Michelle IS ABSOLUTELY CORRECT. My dog doesn't do really great on chicken. So I always have some fresh beets (finely ground, a cheese grader works OK) and a can of pumpkin dog food around(the best), if I am giving him any cooked chicken. Both help with the poo issue. I hope you went slow with the transition, because that is a big time shock. You went from one of the 3 worst dog foods made today, to one of the absolute best.


----------



## Michelle6 (Feb 12, 2010)

Flo-I might buy the fact that your dog experienced digestive upset on Evo,but I DO NOT believe that their hair fell out.Seriously-COME ON!!!! And just what website are we supposed to connect to when we click on your name??? FYI-it doesn't work,and I'll bet it is a site for some other dog food....I'm suprised that you didn't say that they went blind and died!!! I hate when people make up some stupid story to try and steer people away from a decent food and into something that they are promoting!!!


----------



## GermanSheperdlover (Nov 15, 2009)

LOL, Michelle, I started to laugh when I clicked on her/HIS name, because I knew before I clicked who they really are. There is only one dog food manufacture that sends salesman out to dish on other dog foods. I really have told a lot of people about how they act, remember their dog food cures hip-dysplasia....


----------



## Antonio1 (Apr 22, 2010)

Michelle & Jess, I think you both make good points, but you also left out a very important fact. If Flo & Don are feeding a food like Evo Red Meat and their dog is not burning off that extra energy and protein that could also be part of the problem.


----------



## GermanSheperdlover (Nov 15, 2009)

True to a point, but then I would point the finger at the owner for not getting their dog some exercise.Now if it is an old dog, then they should have had them on a Senior type food to begin with. NO WAY did their hair just start FALLING OUT IN CLUMPS because of EVO. Now, if you said ol roy I would believe it.


----------



## zoo62 (Aug 24, 2010)

Thanks for the info, I'm still learning from the transition. Zeke did have a bowel movement when we walked tonight! I'm feeding him per the amounts on the bag, which is 3 cups per day, and I have been feeding him twice a day his whole life. I bought a bag of Evo chicken and turkey today, thinking maybe he isn't crazy about the fish, and I tell you what, it really smells fishy! I also added a tbsp of powdered fiber to his food. I did read that pumpkin is good for constipation.

Thanks again!


----------



## Julie4 (Aug 25, 2010)

A note on EVO. My dogs (5 mini doxies)ate Innova for many years. A few years ago I switched them to EVO. About 3 years ago, Amber, started experiencing body aches. She would not even want to walk around. Well, she was 10 years old, so I figured it was just age, never suspecting the food. Monthly accupuncture and nightly deep tissue massages helped relieve her pain but didn't eliminate it.
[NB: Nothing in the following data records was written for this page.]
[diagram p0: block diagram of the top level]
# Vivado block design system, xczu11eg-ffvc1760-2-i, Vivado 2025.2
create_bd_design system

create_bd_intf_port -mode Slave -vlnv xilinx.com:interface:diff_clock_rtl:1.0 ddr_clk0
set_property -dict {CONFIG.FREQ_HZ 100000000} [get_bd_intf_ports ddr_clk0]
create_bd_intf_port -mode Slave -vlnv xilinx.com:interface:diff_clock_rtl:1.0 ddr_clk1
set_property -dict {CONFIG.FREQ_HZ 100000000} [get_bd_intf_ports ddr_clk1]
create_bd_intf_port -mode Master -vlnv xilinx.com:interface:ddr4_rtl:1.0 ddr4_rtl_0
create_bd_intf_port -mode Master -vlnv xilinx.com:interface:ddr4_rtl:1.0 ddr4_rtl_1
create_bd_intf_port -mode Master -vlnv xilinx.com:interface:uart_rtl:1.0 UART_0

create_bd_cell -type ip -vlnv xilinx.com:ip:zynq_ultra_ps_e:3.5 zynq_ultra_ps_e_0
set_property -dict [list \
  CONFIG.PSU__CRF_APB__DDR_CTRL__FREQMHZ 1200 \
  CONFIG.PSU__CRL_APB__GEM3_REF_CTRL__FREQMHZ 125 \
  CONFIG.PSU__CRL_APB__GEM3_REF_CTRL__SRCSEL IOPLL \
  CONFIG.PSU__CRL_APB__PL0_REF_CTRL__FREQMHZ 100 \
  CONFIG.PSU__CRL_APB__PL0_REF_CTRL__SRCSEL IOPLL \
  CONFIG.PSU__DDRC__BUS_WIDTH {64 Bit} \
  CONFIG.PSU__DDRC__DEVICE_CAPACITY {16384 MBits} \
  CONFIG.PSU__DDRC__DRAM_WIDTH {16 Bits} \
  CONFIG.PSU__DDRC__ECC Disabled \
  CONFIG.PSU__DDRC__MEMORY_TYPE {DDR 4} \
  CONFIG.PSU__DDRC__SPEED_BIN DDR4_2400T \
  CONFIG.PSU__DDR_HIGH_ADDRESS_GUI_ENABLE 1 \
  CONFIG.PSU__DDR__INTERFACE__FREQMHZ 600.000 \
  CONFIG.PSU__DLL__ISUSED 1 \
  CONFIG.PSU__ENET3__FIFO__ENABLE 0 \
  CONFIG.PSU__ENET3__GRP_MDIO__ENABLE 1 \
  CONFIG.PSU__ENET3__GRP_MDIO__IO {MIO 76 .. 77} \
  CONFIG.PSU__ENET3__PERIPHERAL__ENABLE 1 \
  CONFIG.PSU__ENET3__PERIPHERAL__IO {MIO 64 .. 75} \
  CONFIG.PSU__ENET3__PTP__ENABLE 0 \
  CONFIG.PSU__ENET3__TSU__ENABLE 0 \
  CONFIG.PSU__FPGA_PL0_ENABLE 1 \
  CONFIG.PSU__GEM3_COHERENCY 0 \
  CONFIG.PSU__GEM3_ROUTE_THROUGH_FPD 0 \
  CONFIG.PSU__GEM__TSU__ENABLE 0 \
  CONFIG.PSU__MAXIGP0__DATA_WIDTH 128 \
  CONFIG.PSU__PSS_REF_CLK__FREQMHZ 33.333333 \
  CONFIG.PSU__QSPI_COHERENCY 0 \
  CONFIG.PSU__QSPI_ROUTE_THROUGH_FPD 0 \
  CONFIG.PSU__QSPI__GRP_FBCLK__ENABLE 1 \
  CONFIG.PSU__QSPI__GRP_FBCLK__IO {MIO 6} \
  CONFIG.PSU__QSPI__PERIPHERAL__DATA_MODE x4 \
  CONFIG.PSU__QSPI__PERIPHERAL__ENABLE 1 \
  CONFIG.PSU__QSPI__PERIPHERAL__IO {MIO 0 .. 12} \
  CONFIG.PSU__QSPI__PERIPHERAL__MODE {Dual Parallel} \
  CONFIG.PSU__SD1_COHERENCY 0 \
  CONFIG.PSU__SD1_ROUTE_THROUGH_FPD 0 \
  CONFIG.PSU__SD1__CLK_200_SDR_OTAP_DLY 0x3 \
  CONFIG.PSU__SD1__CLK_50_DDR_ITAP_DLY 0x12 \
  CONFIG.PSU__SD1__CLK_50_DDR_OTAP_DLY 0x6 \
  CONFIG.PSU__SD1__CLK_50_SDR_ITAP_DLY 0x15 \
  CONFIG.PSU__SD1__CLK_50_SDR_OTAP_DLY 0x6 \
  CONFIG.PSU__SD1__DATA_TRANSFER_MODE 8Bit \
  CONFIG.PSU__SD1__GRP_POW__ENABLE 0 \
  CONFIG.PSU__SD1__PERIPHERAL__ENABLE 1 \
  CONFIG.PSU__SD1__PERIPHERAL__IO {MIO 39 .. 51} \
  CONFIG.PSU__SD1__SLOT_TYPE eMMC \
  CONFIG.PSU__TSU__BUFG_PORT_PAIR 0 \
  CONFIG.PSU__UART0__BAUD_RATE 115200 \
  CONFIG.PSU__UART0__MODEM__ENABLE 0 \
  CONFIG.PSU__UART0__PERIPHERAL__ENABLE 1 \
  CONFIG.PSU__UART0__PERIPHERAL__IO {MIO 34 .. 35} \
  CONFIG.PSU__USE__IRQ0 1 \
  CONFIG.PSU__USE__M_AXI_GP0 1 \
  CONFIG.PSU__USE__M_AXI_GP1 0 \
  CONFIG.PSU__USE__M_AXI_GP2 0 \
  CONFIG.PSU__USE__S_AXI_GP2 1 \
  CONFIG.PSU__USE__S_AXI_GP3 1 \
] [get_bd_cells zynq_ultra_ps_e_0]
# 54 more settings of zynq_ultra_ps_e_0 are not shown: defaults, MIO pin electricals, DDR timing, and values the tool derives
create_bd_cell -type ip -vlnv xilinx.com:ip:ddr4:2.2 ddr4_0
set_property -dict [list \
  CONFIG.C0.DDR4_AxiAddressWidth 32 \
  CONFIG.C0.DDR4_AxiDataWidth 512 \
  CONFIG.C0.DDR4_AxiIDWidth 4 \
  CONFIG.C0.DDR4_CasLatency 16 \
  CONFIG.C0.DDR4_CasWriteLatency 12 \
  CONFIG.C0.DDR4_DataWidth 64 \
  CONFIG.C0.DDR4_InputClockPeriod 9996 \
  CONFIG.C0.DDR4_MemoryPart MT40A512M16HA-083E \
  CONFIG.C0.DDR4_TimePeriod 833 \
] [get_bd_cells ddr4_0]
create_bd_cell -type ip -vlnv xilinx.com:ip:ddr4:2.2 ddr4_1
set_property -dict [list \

About 2 years ago, her sister, Kelly, showed a low white blood cell count. The vets sent us to specialist after specialist. This went on for about a year. Many procedures later and still they found no reason for the low wbc count. I stopped the vet visits because I felt they were torturing her but not getting any closer to finding the culprit. Last year her daughter,Kandy, 5 years old, started having body aches like Amber. This was too much. After much prayer, I took all of them off processed foods and started cooking for them in January of this year. The body aches disappeared and all of them are doing great. Even Amber, now nearly 13 years old, is running around like she hasn't in years! Kelly's wbc count is back up to normal limits. I have no proof it was the food, but this is a true story. I am just so sorry it took me so long to realize the problem. I am still cooking but adding the Honest Kitchen food for the last month. They seem to be okay and they love it.


----------



## Julie4 (Aug 25, 2010)

One last comment... Listen to your dogs! Dogs love to eat. If they dont' want to eat, there is probably a problem and could be the food. At times I had to hand feed my dogs because they didn't want to eat their dog food (EVO). If I had listened to them, they wouldn't have suffered for so long.


----------



## GermanSheperdlover (Nov 15, 2009)

Isn't it odd all these psople all start bashing a great dog food at the same time!!! LOL, I WONDER WHO IT COULD BE, LOL.


----------



## Michelle6 (Feb 12, 2010)

Julie-I found some info on low white blood cell count-I REALLY DOUBT that it was caused by their food,there is a genetic factor and you did say that your affected dogs are related...http://www.ehow.com/facts_5369600_causes-blood-cell-count-dogs.html I REALLY wish that people would get their facts straight,before blaming their dogs health problems on a dog food...your dogs would have these problems on EVERY dog food.....


----------



## Michelle6 (Feb 12, 2010)

Well here is another site-since that one doesn't work-OR-You could just type "low white blood cell count in dogs"into your search engine and educate yourself on this disease,which is what I did....http://www.petmd.com/dog/conditions/cardiovascular/c_dg_neutropenia


----------



## Michelle6 (Feb 12, 2010)

What Are the Causes of Low White Blood Cell Count in Dogs?
By Daniel Cobalt, eHow Contributor
updated: September 10, 2009
I want to do this! What's This?

A low white blood cell count (WBC) results in a weakened immune system that cannot fight disease and infection. There are many causes for low WBC counts. Knowing possible causes can help determine the reason for your dog's condition.

Genetic
1. Sick puppies with a low WBC count may have canine cyclic neutropenia, a stem cell genetic defect in all gray-coated collie puppies, suspected in all collies whose noses are not black and in some Belgian Tervurens. Physiologic leucopenia (low WBC count) in some giant schnauzers is caused by a genetic inability to absorb vitamin B.
Ticks
2. Tick-borne diseases can result in low WBC counts in dogs, most commonly ehrlichiosis and babesiosis. If your dog has had tick bites, checking for tick-borne diseases is important.
Illness and Disease
3. Dogs that have been sick or had a long-term viral infection may be unable to produce enough white blood cells to replace those used. Since parvovirus attacks and kills white blood cells, dogs are often tested for it. Widespread infections or blood poisoning (sepsis) also result in lowered count.
Cancer
4. A low WBC count can be an indication of cancer. Chemotherapy to treat cancers can also result in low WBC counts, sometimes so low that chemo must be stopped until WBC counts increase.
Other Chemicals
5. Some medications and chemicals can cause low WBC counts, including cephalosporin, estrogen and human drugs such as Nexium and epilepsy medications.
Risk Check
6. If your veterinarian is unsure of the reason for your dog's low WBC count, examine each possible risk, including potential exposures to ticks or chemicals, to help determine the cause quickly.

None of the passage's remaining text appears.